=== Extracted entries ===

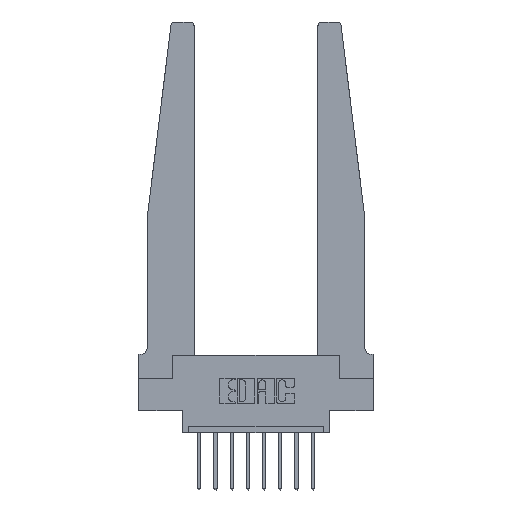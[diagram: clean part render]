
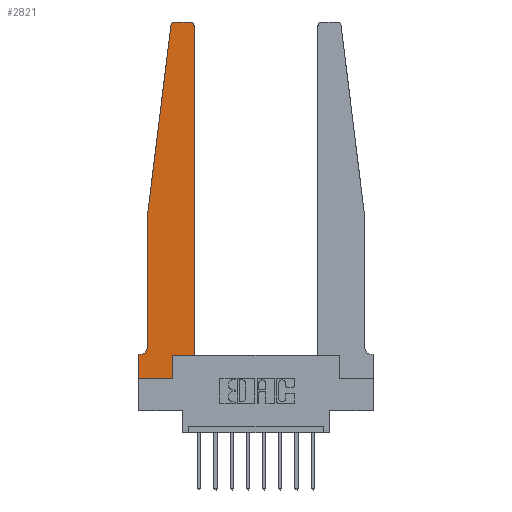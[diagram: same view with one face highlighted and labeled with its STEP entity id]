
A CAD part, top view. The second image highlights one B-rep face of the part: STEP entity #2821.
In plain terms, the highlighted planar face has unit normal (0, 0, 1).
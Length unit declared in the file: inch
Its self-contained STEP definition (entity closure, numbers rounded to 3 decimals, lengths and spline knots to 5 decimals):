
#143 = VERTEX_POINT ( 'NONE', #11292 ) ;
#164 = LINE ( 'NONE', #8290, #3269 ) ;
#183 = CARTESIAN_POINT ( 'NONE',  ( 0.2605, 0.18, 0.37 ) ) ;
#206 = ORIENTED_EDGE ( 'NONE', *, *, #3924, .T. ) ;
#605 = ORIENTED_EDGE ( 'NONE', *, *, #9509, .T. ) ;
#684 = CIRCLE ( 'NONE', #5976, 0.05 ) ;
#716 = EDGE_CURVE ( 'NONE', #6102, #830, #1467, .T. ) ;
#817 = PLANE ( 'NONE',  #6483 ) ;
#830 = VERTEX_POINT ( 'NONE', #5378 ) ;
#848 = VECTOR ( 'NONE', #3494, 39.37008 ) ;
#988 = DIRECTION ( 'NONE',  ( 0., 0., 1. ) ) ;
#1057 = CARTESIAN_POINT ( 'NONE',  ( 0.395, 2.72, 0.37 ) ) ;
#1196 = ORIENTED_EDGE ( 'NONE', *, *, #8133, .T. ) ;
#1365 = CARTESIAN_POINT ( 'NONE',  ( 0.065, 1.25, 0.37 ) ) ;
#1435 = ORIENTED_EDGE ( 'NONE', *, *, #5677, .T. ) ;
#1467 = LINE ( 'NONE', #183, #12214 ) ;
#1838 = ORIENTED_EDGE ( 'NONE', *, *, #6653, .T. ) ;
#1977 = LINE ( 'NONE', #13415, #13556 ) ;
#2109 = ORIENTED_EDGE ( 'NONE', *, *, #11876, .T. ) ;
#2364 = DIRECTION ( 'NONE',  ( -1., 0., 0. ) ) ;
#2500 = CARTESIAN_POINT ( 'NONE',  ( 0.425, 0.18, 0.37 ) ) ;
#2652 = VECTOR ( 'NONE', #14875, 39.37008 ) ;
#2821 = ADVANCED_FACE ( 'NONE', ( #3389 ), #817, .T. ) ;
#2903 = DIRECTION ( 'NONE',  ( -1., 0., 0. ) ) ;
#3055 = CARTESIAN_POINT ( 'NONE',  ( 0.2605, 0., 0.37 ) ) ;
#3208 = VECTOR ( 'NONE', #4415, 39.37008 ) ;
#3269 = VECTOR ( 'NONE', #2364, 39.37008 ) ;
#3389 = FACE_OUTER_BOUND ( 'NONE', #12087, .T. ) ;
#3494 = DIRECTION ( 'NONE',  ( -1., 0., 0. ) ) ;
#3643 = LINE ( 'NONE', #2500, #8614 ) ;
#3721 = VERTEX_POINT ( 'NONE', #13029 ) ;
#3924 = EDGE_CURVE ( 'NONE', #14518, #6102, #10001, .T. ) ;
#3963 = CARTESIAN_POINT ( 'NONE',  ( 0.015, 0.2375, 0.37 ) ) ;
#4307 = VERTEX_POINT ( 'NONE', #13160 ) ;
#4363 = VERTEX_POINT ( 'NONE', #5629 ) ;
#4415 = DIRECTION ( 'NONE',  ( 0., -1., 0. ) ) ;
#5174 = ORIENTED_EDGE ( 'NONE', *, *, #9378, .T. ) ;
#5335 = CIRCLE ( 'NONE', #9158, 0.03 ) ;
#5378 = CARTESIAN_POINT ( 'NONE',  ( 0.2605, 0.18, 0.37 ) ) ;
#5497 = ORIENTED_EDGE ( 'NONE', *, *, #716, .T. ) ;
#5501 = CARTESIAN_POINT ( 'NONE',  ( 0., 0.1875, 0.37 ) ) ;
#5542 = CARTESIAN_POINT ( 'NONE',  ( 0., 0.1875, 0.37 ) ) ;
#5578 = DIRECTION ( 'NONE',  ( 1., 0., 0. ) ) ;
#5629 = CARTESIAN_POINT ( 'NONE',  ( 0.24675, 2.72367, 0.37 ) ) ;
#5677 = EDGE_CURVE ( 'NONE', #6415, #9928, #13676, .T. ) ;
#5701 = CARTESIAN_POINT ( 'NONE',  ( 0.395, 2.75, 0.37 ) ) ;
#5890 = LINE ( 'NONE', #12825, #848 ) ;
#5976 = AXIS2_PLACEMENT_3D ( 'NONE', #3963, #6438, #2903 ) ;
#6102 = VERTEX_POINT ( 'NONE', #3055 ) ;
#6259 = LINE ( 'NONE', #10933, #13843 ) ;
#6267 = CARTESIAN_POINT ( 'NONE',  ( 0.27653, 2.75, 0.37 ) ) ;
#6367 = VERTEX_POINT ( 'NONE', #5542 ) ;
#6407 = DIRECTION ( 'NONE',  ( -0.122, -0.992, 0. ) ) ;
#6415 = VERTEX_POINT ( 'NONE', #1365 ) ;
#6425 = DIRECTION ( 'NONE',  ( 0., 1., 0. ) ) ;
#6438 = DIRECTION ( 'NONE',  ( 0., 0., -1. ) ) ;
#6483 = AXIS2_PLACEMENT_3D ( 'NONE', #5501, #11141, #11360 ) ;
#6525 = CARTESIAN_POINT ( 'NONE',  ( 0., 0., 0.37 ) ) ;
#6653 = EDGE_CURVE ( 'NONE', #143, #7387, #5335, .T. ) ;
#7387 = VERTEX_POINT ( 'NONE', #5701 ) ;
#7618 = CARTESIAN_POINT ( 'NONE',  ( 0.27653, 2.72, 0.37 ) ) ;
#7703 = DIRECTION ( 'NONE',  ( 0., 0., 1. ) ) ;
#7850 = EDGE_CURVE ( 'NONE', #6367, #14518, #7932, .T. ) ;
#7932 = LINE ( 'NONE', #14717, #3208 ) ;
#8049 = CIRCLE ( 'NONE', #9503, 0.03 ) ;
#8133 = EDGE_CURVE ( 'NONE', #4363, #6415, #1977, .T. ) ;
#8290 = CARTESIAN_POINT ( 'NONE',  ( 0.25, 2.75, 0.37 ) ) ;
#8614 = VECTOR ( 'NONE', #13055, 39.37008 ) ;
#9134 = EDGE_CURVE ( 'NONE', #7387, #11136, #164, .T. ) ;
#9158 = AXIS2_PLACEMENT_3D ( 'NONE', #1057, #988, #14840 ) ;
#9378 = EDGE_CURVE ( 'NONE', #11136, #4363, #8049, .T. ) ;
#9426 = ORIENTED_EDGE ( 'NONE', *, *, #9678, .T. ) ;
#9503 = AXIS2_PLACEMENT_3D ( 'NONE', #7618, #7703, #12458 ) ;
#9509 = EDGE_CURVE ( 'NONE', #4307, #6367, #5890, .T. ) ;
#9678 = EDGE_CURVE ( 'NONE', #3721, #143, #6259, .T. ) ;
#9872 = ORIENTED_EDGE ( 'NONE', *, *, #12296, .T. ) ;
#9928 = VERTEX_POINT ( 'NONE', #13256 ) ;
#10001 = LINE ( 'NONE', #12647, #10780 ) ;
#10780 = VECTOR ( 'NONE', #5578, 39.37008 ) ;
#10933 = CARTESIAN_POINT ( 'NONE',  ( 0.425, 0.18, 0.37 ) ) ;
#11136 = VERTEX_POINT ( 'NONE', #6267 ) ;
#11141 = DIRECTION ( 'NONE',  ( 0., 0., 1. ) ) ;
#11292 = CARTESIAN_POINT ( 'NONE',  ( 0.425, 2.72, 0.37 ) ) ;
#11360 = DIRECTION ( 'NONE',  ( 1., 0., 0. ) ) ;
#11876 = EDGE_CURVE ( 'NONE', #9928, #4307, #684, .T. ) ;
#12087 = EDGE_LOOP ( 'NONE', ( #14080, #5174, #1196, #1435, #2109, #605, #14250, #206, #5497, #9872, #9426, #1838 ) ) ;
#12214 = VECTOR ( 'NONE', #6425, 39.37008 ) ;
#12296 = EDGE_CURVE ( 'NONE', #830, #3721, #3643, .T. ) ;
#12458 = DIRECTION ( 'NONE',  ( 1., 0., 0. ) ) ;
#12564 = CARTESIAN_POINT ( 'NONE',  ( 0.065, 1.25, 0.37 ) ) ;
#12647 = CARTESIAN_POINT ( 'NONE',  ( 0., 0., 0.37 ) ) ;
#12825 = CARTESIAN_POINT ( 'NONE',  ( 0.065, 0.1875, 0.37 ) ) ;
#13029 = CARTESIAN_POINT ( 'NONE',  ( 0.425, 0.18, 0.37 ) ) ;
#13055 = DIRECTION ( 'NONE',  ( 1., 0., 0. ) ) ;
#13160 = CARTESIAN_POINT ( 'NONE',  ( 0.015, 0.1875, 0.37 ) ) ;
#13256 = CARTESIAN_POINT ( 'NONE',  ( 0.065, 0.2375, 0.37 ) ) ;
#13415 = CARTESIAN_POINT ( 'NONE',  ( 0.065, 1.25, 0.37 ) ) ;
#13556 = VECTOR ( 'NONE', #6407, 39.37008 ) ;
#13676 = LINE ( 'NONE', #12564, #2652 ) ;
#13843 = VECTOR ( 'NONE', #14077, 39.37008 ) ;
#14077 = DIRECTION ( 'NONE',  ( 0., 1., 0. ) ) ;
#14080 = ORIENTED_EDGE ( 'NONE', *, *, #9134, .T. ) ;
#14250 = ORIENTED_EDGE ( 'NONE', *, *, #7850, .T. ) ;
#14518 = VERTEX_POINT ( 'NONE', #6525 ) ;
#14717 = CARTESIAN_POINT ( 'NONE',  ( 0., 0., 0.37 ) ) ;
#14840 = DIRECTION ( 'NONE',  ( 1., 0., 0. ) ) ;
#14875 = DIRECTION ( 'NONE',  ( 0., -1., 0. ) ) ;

=== Task description ===
The required answer is the exact run of lines above starting at the line with "#5174 = ORIENTED_EDGE" and ending at the line with "#5578 = DIRECTION", with both ends present.

=== Response to this task ===
#5174 = ORIENTED_EDGE ( 'NONE', *, *, #9378, .T. ) ;
#5335 = CIRCLE ( 'NONE', #9158, 0.03 ) ;
#5378 = CARTESIAN_POINT ( 'NONE',  ( 0.2605, 0.18, 0.37 ) ) ;
#5497 = ORIENTED_EDGE ( 'NONE', *, *, #716, .T. ) ;
#5501 = CARTESIAN_POINT ( 'NONE',  ( 0., 0.1875, 0.37 ) ) ;
#5542 = CARTESIAN_POINT ( 'NONE',  ( 0., 0.1875, 0.37 ) ) ;
#5578 = DIRECTION ( 'NONE',  ( 1., 0., 0. ) ) ;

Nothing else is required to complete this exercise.